> Task
Reprint the lines below as they are, minus the pictures.

> Records for the exercise
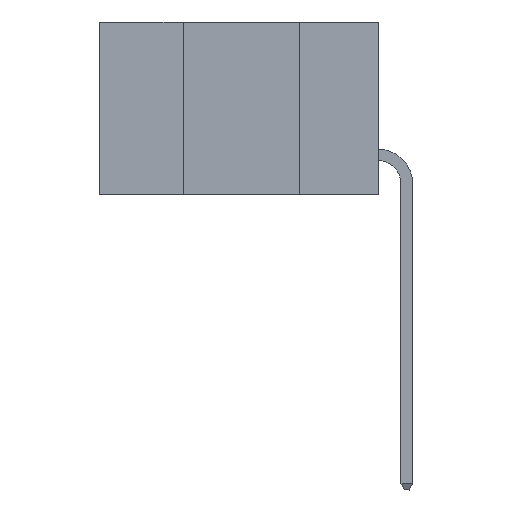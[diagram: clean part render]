
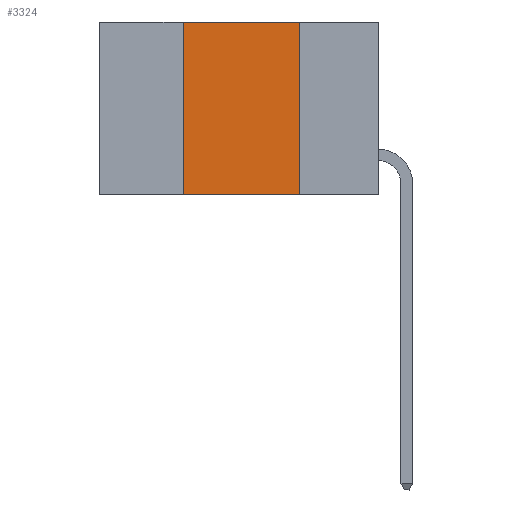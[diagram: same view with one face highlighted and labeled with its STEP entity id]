
A CAD part, left-side view. The second image highlights one B-rep face of the part: STEP entity #3324.
In plain terms, the highlighted planar face has unit normal (-1, 0, 0).
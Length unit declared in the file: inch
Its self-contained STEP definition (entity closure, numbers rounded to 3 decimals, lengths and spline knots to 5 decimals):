
#377 = VERTEX_POINT ( 'NONE', #2496 ) ;
#532 = EDGE_CURVE ( 'NONE', #1643, #12080, #9571, .T. ) ;
#684 = DIRECTION ( 'NONE',  ( 0., 0., 1. ) ) ;
#861 = CARTESIAN_POINT ( 'NONE',  ( 0., 0.17, 0. ) ) ;
#951 = VECTOR ( 'NONE', #6308, 39.37008 ) ;
#1418 = AXIS2_PLACEMENT_3D ( 'NONE', #4743, #1441, #3739 ) ;
#1441 = DIRECTION ( 'NONE',  ( 1., 0., 0. ) ) ;
#1643 = VERTEX_POINT ( 'NONE', #861 ) ;
#1871 = VECTOR ( 'NONE', #684, 39.37008 ) ;
#2274 = VERTEX_POINT ( 'NONE', #13951 ) ;
#2496 = CARTESIAN_POINT ( 'NONE',  ( 0., 0.42, 0. ) ) ;
#2526 = LINE ( 'NONE', #7357, #10934 ) ;
#2971 = FACE_OUTER_BOUND ( 'NONE', #11154, .T. ) ;
#3324 = ADVANCED_FACE ( 'NONE', ( #2971 ), #4791, .F. ) ;
#3508 = CARTESIAN_POINT ( 'NONE',  ( 0., 0.6, -0.37 ) ) ;
#3739 = DIRECTION ( 'NONE',  ( 0., 0., -1. ) ) ;
#4161 = ORIENTED_EDGE ( 'NONE', *, *, #9896, .F. ) ;
#4171 = ORIENTED_EDGE ( 'NONE', *, *, #12494, .F. ) ;
#4743 = CARTESIAN_POINT ( 'NONE',  ( 0., 0.6, 0. ) ) ;
#4791 = PLANE ( 'NONE',  #1418 ) ;
#6308 = DIRECTION ( 'NONE',  ( 0., 0., -1. ) ) ;
#6666 = DIRECTION ( 'NONE',  ( 0., -1., 0. ) ) ;
#7357 = CARTESIAN_POINT ( 'NONE',  ( 0., 0.6, 0. ) ) ;
#8463 = CARTESIAN_POINT ( 'NONE',  ( 0., 0.17, 0. ) ) ;
#8776 = LINE ( 'NONE', #12704, #1871 ) ;
#9571 = LINE ( 'NONE', #8463, #951 ) ;
#9896 = EDGE_CURVE ( 'NONE', #377, #1643, #2526, .T. ) ;
#10934 = VECTOR ( 'NONE', #6666, 39.37008 ) ;
#11012 = CARTESIAN_POINT ( 'NONE',  ( 0., 0.17, -0.37 ) ) ;
#11154 = EDGE_LOOP ( 'NONE', ( #13522, #4161, #4171, #11439 ) ) ;
#11439 = ORIENTED_EDGE ( 'NONE', *, *, #13396, .T. ) ;
#11651 = LINE ( 'NONE', #3508, #11988 ) ;
#11988 = VECTOR ( 'NONE', #13365, 39.37008 ) ;
#12080 = VERTEX_POINT ( 'NONE', #11012 ) ;
#12494 = EDGE_CURVE ( 'NONE', #2274, #377, #8776, .T. ) ;
#12704 = CARTESIAN_POINT ( 'NONE',  ( 0., 0.42, 0. ) ) ;
#13365 = DIRECTION ( 'NONE',  ( 0., -1., 0. ) ) ;
#13396 = EDGE_CURVE ( 'NONE', #2274, #12080, #11651, .T. ) ;
#13522 = ORIENTED_EDGE ( 'NONE', *, *, #532, .F. ) ;
#13951 = CARTESIAN_POINT ( 'NONE',  ( 0., 0.42, -0.37 ) ) ;

> Your response
[diagram: clean part render]
[diagram: same view with one face highlighted and labeled with its STEP entity id]
A CAD part, left-side view. The second image highlights one B-rep face of the part: STEP entity #3324.
In plain terms, the highlighted planar face has unit normal (-1, 0, 0).
Length unit declared in the file: inch
Its self-contained STEP definition (entity closure, numbers rounded to 3 decimals, lengths and spline knots to 5 decimals):
#377 = VERTEX_POINT ( 'NONE', #2496 ) ;
#532 = EDGE_CURVE ( 'NONE', #1643, #12080, #9571, .T. ) ;
#684 = DIRECTION ( 'NONE',  ( 0., 0., 1. ) ) ;
#861 = CARTESIAN_POINT ( 'NONE',  ( 0., 0.17, 0. ) ) ;
#951 = VECTOR ( 'NONE', #6308, 39.37008 ) ;
#1418 = AXIS2_PLACEMENT_3D ( 'NONE', #4743, #1441, #3739 ) ;
#1441 = DIRECTION ( 'NONE',  ( 1., 0., 0. ) ) ;
#1643 = VERTEX_POINT ( 'NONE', #861 ) ;
#1871 = VECTOR ( 'NONE', #684, 39.37008 ) ;
#2274 = VERTEX_POINT ( 'NONE', #13951 ) ;
#2496 = CARTESIAN_POINT ( 'NONE',  ( 0., 0.42, 0. ) ) ;
#2526 = LINE ( 'NONE', #7357, #10934 ) ;
#2971 = FACE_OUTER_BOUND ( 'NONE', #11154, .T. ) ;
#3324 = ADVANCED_FACE ( 'NONE', ( #2971 ), #4791, .F. ) ;
#3508 = CARTESIAN_POINT ( 'NONE',  ( 0., 0.6, -0.37 ) ) ;
#3739 = DIRECTION ( 'NONE',  ( 0., 0., -1. ) ) ;
#4161 = ORIENTED_EDGE ( 'NONE', *, *, #9896, .F. ) ;
#4171 = ORIENTED_EDGE ( 'NONE', *, *, #12494, .F. ) ;
#4743 = CARTESIAN_POINT ( 'NONE',  ( 0., 0.6, 0. ) ) ;
#4791 = PLANE ( 'NONE',  #1418 ) ;
#6308 = DIRECTION ( 'NONE',  ( 0., 0., -1. ) ) ;
#6666 = DIRECTION ( 'NONE',  ( 0., -1., 0. ) ) ;
#7357 = CARTESIAN_POINT ( 'NONE',  ( 0., 0.6, 0. ) ) ;
#8463 = CARTESIAN_POINT ( 'NONE',  ( 0., 0.17, 0. ) ) ;
#8776 = LINE ( 'NONE', #12704, #1871 ) ;
#9571 = LINE ( 'NONE', #8463, #951 ) ;
#9896 = EDGE_CURVE ( 'NONE', #377, #1643, #2526, .T. ) ;
#10934 = VECTOR ( 'NONE', #6666, 39.37008 ) ;
#11012 = CARTESIAN_POINT ( 'NONE',  ( 0., 0.17, -0.37 ) ) ;
#11154 = EDGE_LOOP ( 'NONE', ( #13522, #4161, #4171, #11439 ) ) ;
#11439 = ORIENTED_EDGE ( 'NONE', *, *, #13396, .T. ) ;
#11651 = LINE ( 'NONE', #3508, #11988 ) ;
#11988 = VECTOR ( 'NONE', #13365, 39.37008 ) ;
#12080 = VERTEX_POINT ( 'NONE', #11012 ) ;
#12494 = EDGE_CURVE ( 'NONE', #2274, #377, #8776, .T. ) ;
#12704 = CARTESIAN_POINT ( 'NONE',  ( 0., 0.42, 0. ) ) ;
#13365 = DIRECTION ( 'NONE',  ( 0., -1., 0. ) ) ;
#13396 = EDGE_CURVE ( 'NONE', #2274, #12080, #11651, .T. ) ;
#13522 = ORIENTED_EDGE ( 'NONE', *, *, #532, .F. ) ;
#13951 = CARTESIAN_POINT ( 'NONE',  ( 0., 0.42, -0.37 ) ) ;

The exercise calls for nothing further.